Does anyone know if these guys are still in business? A part broke on my blind and I googled them and can't seem to find them.


----------



## the professor (Oct 13, 2006)

http://www.explorebeavertail.com/huntingblinds.html

they are owned by otter/beavertail now.


----------



## Sask hunter (Sep 11, 2008)

Thanks for the link! Hopefully they can send me a couple replacement parts, so I can get back into action.


----------



## the professor (Oct 13, 2006)

No problem. I've had 2 of the xterminator blinds for 6 years now...they take a ton of abuse.

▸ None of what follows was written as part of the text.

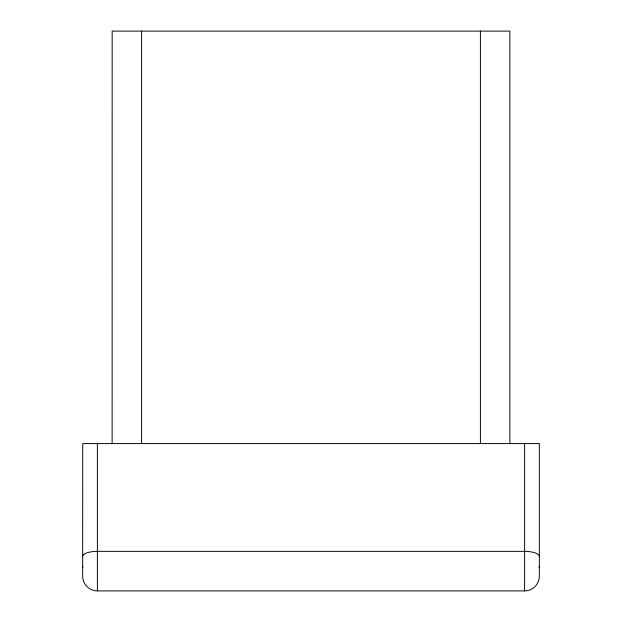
<?xml version="1.0" encoding="UTF-8"?>
<svg xmlns="http://www.w3.org/2000/svg" width="622" height="622" viewBox="0 0 622 622"><rect width="100%" height="100%" fill="white"/><g stroke="black" fill="none" stroke-linecap="round" stroke-linejoin="round"><path stroke-width="0.93" d="M97.39 590.9L524.61 590.9A14.734 14.734 0 0 0 539.336 576.166L539.336 443.587L82.726 443.587L82.664 576.166A14.734 14.734 0 0 0 97.39 590.9L97.39 443.587M524.61 443.587L524.61 590.9M509.877 443.587L509.877 31.1L112.162 31.1L112.123 443.587M480.409 31.1L480.409 443.587M141.591 31.1L141.591 443.587M82.664 556.395A14.734 5.038 0 0 1 97.39 551.356L524.61 551.356A14.734 5.038 0 0 1 539.336 556.395M82.905 567.388A14.734 5.038 0 0 1 82.664 566.479M539.336 566.479A14.734 5.038 0 0 1 539.095 567.388"/></g></svg>

Don't use them more than 1 or 2 times a season any more, but I can't bring myself to get rid of them.


----------



## Sask hunter (Sep 11, 2008)

Ya this one is on its third season they are good blinds and I really like them. I have ripped the door a little bit on one side ( my fault) and then bam one morning one of the gun rests break off and two u-brackets both on the same side so it made that morning hunt quite difficult. They were around $200 in canada at the time I bought it which was at least $100 cheaper than any other blind at the time but I was suprised how good it looks and the abuse it can take. It's helped me harvest a ton of geese over the past few years for sure though.


----------